» What the exercise asks
Would you copy exactly the lines in the data below from the one that has "Условный начальный угол рыскания/1" through the one that has "Scope1 : Scope", dropping any pictures?

» Information supplied

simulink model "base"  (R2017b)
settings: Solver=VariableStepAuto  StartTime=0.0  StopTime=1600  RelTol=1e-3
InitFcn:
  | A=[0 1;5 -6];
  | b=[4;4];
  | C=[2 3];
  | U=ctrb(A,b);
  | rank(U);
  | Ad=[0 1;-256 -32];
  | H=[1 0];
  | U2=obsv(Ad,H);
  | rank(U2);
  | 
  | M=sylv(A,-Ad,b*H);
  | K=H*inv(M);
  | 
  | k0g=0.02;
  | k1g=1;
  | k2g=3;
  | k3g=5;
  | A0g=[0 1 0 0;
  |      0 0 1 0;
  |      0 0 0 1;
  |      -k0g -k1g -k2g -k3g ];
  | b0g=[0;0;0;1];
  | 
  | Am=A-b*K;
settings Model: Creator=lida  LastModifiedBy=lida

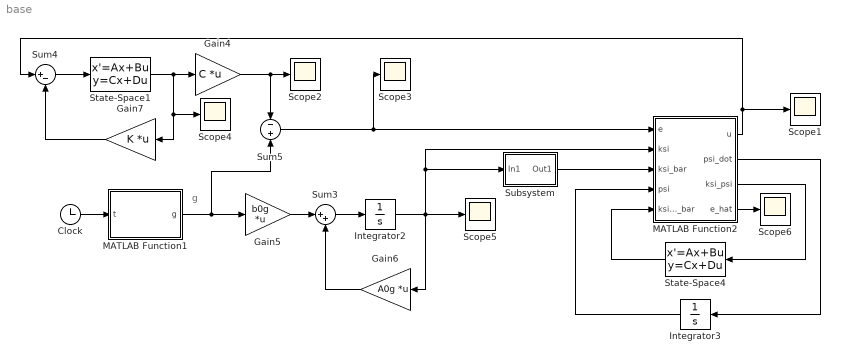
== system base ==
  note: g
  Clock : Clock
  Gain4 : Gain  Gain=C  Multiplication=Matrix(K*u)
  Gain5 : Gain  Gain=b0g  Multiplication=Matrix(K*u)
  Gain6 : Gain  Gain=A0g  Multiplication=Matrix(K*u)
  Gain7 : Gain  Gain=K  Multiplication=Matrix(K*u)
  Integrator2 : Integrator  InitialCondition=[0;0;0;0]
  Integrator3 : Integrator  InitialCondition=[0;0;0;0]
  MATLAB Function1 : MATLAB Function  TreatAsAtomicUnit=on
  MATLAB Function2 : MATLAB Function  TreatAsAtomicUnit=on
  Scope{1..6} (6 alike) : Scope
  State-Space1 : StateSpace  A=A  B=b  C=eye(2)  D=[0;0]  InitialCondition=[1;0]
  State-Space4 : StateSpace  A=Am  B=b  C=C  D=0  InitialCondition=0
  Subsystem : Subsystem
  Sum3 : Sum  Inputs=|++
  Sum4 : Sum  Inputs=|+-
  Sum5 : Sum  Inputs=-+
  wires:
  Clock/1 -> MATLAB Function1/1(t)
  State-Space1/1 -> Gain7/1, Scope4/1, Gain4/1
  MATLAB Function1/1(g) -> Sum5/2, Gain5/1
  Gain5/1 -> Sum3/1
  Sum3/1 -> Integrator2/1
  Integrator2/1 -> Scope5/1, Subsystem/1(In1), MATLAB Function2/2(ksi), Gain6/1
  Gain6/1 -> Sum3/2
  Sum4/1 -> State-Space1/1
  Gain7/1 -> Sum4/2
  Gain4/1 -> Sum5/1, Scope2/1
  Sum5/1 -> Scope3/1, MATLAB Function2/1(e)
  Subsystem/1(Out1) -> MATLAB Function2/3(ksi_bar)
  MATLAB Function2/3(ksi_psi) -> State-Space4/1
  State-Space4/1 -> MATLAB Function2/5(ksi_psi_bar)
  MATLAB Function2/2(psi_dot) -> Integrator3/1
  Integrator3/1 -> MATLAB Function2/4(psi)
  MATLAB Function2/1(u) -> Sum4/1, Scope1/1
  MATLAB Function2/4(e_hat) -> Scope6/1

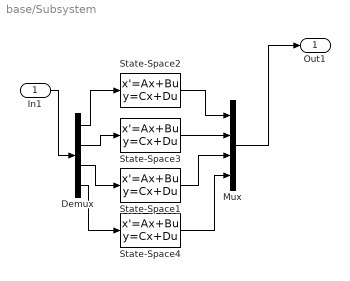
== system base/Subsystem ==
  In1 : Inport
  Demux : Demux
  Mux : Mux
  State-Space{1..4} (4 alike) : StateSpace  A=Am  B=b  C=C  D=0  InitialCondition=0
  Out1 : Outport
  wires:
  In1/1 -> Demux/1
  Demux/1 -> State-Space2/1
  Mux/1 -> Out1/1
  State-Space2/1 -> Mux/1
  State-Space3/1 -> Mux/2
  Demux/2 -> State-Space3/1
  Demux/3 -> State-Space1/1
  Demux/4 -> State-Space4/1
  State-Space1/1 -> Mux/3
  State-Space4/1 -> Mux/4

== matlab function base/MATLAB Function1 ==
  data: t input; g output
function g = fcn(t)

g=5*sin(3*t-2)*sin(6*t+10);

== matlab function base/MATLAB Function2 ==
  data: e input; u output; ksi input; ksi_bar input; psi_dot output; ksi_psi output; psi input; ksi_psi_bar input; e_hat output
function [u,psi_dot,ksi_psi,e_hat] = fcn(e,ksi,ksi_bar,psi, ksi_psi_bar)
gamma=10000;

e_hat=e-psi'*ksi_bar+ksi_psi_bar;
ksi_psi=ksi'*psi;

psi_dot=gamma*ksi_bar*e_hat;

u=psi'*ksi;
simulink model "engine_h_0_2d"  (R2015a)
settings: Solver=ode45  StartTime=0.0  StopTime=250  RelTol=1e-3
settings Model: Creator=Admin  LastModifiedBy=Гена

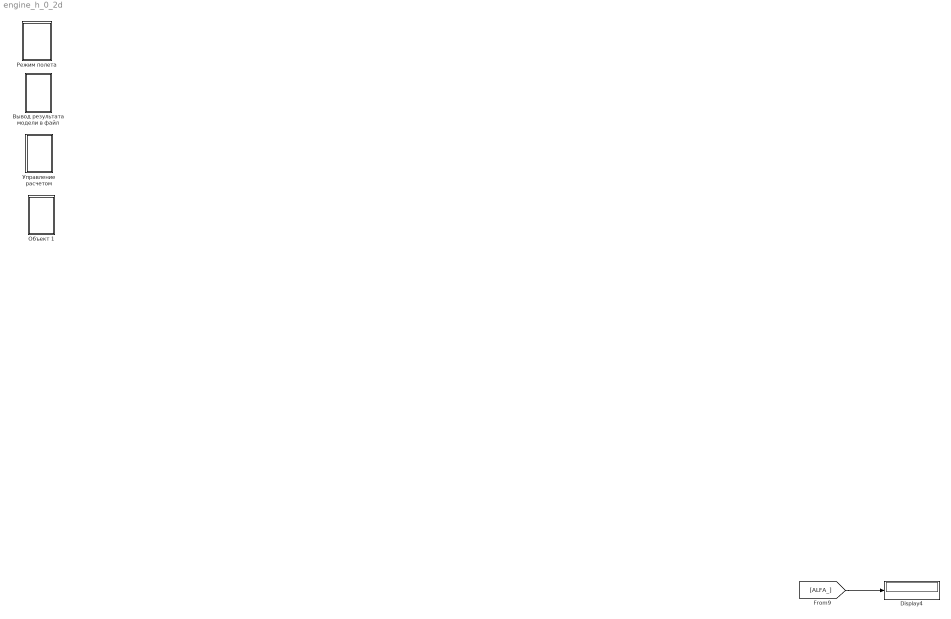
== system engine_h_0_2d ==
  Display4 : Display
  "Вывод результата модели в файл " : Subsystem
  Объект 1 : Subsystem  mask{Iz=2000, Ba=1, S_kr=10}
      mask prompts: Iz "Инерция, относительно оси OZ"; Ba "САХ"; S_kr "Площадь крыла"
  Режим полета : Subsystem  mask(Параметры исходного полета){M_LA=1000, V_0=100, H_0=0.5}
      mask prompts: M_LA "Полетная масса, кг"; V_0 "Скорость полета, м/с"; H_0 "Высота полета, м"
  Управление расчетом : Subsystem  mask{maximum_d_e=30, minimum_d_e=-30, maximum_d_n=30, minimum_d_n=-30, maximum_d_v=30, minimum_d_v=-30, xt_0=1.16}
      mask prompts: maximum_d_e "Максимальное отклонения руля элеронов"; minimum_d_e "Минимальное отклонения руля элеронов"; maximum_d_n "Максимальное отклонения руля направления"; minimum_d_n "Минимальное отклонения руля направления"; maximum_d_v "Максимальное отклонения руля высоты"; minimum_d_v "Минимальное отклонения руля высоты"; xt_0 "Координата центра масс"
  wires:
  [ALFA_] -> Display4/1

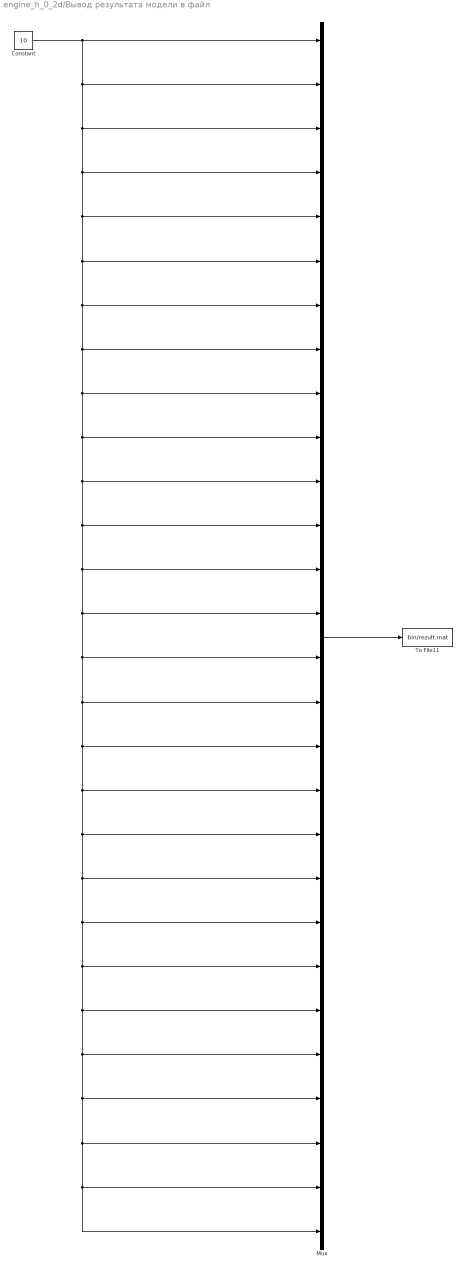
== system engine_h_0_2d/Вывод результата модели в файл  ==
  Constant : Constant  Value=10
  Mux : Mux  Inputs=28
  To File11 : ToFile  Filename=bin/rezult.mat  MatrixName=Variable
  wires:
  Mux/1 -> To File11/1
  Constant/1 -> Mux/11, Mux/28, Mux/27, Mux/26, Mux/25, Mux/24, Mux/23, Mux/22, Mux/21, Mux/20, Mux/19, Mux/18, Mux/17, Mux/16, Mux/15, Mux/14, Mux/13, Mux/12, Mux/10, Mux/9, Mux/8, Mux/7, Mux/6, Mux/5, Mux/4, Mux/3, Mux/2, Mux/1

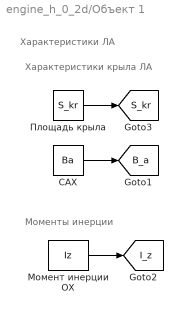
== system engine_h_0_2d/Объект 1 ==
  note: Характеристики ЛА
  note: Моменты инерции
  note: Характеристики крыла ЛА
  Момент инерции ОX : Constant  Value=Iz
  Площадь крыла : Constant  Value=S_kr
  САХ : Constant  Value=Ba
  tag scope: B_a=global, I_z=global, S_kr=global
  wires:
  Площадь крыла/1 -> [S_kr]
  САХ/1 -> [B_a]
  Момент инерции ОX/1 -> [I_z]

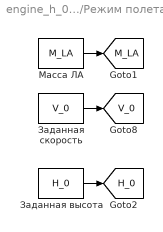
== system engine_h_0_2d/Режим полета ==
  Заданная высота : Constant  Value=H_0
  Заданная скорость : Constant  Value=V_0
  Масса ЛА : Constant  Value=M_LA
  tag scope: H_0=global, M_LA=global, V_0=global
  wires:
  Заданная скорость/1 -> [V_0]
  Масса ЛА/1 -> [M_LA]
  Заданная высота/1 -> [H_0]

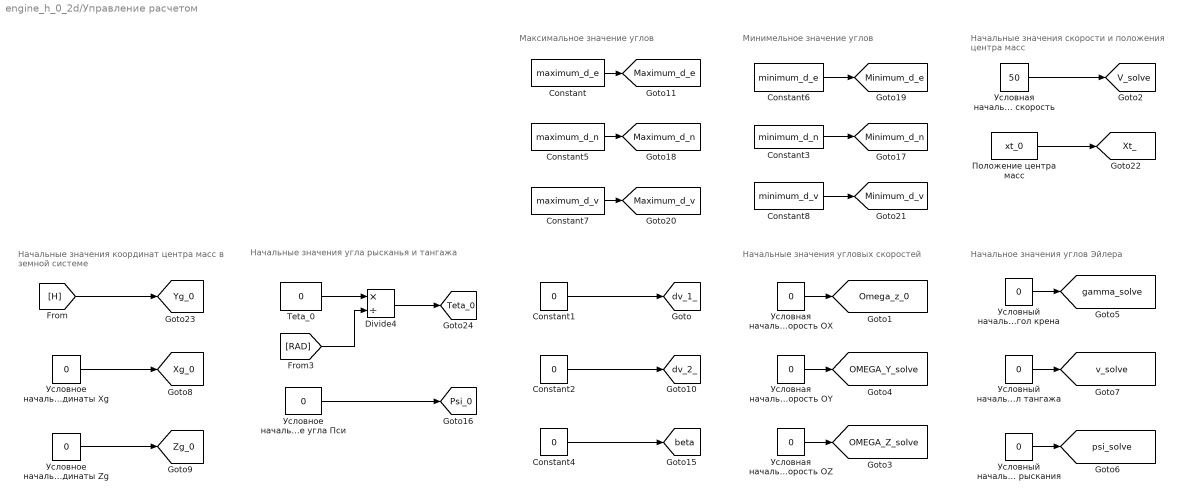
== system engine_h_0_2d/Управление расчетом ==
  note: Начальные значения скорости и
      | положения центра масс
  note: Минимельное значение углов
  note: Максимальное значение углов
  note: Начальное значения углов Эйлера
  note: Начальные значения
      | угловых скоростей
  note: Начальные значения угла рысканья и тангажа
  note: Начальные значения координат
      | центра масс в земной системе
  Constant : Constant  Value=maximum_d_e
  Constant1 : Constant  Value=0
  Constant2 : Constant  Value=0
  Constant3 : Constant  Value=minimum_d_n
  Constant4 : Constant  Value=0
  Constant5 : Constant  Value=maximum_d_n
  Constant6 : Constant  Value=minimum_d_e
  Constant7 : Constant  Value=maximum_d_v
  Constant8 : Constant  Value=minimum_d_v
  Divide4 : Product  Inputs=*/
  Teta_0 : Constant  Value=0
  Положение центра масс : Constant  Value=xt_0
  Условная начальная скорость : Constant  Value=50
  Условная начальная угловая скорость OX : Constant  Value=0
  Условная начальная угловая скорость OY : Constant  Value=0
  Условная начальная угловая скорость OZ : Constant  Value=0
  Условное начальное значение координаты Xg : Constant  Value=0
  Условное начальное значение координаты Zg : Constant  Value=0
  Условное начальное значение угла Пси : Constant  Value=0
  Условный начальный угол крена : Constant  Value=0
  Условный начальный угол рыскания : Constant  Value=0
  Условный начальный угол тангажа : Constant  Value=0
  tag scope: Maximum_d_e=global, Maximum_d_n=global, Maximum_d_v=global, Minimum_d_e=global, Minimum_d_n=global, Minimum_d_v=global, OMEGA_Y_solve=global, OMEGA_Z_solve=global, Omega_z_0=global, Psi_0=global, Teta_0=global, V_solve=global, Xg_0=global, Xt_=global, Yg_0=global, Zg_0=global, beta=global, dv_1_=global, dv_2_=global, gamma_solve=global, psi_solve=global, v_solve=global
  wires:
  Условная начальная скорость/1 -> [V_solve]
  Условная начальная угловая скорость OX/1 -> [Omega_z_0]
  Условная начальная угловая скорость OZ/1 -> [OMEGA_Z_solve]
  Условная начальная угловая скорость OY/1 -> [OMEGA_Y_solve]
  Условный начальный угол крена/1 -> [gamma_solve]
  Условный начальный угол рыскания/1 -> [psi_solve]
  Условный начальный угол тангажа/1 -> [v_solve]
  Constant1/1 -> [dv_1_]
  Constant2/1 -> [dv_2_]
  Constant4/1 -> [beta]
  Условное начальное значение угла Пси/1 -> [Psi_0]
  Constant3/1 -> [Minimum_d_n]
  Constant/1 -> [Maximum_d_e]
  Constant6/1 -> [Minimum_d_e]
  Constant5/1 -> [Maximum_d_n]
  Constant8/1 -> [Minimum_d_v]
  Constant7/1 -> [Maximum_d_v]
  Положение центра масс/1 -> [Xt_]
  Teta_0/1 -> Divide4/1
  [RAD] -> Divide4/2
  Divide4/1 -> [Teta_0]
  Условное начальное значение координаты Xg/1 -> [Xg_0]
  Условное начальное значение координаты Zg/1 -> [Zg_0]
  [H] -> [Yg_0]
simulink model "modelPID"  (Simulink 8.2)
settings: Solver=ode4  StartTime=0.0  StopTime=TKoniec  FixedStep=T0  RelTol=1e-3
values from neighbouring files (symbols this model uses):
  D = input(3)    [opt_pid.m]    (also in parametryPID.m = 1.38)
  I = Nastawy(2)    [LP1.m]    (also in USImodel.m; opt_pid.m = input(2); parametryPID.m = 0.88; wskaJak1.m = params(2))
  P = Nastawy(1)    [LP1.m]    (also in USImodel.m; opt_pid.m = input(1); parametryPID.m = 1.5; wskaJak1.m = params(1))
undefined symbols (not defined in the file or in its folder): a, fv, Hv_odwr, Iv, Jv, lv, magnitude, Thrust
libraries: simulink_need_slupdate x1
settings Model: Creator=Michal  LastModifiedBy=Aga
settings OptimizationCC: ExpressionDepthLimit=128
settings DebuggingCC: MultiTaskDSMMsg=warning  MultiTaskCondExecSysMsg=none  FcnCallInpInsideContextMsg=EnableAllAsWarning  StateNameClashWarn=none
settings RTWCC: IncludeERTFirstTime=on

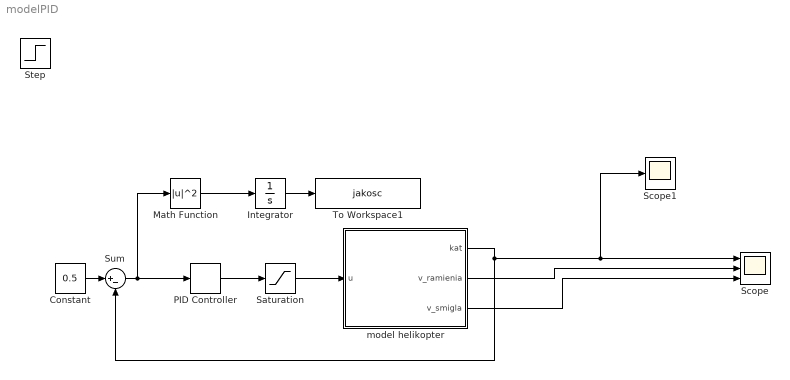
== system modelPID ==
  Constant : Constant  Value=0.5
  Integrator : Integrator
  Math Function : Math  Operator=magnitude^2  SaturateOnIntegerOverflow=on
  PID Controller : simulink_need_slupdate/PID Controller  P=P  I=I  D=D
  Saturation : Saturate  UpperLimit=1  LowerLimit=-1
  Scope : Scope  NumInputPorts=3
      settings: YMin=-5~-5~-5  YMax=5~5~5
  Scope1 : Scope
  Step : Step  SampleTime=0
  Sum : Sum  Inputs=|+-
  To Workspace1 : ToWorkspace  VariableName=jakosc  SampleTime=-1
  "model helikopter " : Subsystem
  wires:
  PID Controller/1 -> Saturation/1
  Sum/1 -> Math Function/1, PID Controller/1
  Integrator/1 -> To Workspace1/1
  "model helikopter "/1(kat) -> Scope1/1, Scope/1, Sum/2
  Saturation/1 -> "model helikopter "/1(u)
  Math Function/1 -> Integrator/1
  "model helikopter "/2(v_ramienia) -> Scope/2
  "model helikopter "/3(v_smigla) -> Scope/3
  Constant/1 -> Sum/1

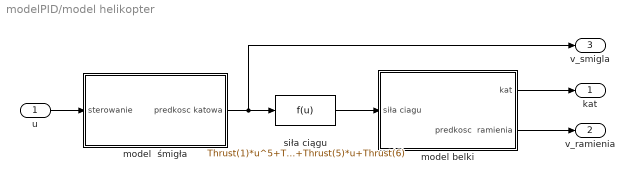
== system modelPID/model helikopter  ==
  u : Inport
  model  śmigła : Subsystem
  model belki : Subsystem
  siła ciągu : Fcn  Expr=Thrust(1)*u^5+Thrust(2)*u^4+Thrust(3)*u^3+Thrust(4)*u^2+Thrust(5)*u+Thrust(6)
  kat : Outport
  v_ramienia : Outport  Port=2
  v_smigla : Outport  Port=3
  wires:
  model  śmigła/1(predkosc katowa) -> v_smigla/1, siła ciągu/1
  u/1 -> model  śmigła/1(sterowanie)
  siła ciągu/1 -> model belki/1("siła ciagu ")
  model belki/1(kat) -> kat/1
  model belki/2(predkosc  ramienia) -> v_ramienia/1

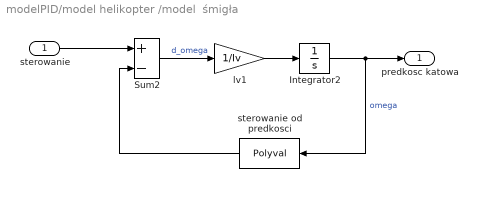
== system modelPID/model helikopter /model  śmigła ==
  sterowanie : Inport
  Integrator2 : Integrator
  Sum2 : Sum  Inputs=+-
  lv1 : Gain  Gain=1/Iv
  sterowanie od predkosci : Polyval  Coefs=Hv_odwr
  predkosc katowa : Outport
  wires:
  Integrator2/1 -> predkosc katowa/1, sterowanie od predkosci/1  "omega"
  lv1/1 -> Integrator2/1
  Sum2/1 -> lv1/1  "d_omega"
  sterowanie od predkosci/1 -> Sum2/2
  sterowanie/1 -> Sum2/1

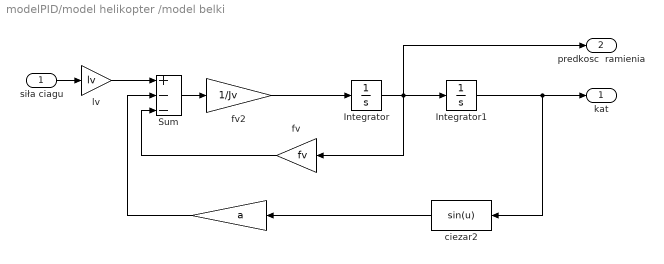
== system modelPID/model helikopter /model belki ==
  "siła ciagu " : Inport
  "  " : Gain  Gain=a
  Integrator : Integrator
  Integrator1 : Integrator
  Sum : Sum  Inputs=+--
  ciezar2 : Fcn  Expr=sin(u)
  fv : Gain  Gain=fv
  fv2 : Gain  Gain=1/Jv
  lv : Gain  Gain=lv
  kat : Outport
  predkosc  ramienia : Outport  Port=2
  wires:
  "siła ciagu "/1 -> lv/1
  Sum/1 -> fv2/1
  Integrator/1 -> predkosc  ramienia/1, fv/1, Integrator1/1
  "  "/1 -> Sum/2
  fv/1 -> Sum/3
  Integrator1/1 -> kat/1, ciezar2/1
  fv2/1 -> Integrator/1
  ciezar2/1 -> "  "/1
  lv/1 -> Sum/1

» Task response
  Условный начальный угол рыскания/1 -> [psi_solve]
  Условный начальный угол тангажа/1 -> [v_solve]
  Constant1/1 -> [dv_1_]
  Constant2/1 -> [dv_2_]
  Constant4/1 -> [beta]
  Условное начальное значение угла Пси/1 -> [Psi_0]
  Constant3/1 -> [Minimum_d_n]
  Constant/1 -> [Maximum_d_e]
  Constant6/1 -> [Minimum_d_e]
  Constant5/1 -> [Maximum_d_n]
  Constant8/1 -> [Minimum_d_v]
  Constant7/1 -> [Maximum_d_v]
  Положение центра масс/1 -> [Xt_]
  Teta_0/1 -> Divide4/1
  [RAD] -> Divide4/2
  Divide4/1 -> [Teta_0]
  Условное начальное значение координаты Xg/1 -> [Xg_0]
  Условное начальное значение координаты Zg/1 -> [Zg_0]
  [H] -> [Yg_0]
simulink model "modelPID"  (Simulink 8.2)
settings: Solver=ode4  StartTime=0.0  StopTime=TKoniec  FixedStep=T0  RelTol=1e-3
values from neighbouring files (symbols this model uses):
  D = input(3)    [opt_pid.m]    (also in parametryPID.m = 1.38)
  I = Nastawy(2)    [LP1.m]    (also in USImodel.m; opt_pid.m = input(2); parametryPID.m = 0.88; wskaJak1.m = params(2))
  P = Nastawy(1)    [LP1.m]    (also in USImodel.m; opt_pid.m = input(1); parametryPID.m = 1.5; wskaJak1.m = params(1))
undefined symbols (not defined in the file or in its folder): a, fv, Hv_odwr, Iv, Jv, lv, magnitude, Thrust
libraries: simulink_need_slupdate x1
settings Model: Creator=Michal  LastModifiedBy=Aga
settings OptimizationCC: ExpressionDepthLimit=128
settings DebuggingCC: MultiTaskDSMMsg=warning  MultiTaskCondExecSysMsg=none  FcnCallInpInsideContextMsg=EnableAllAsWarning  StateNameClashWarn=none
settings RTWCC: IncludeERTFirstTime=on

== system modelPID ==
  Constant : Constant  Value=0.5
  Integrator : Integrator
  Math Function : Math  Operator=magnitude^2  SaturateOnIntegerOverflow=on
  PID Controller : simulink_need_slupdate/PID Controller  P=P  I=I  D=D
  Saturation : Saturate  UpperLimit=1  LowerLimit=-1
  Scope : Scope  NumInputPorts=3
      settings: YMin=-5~-5~-5  YMax=5~5~5
  Scope1 : Scope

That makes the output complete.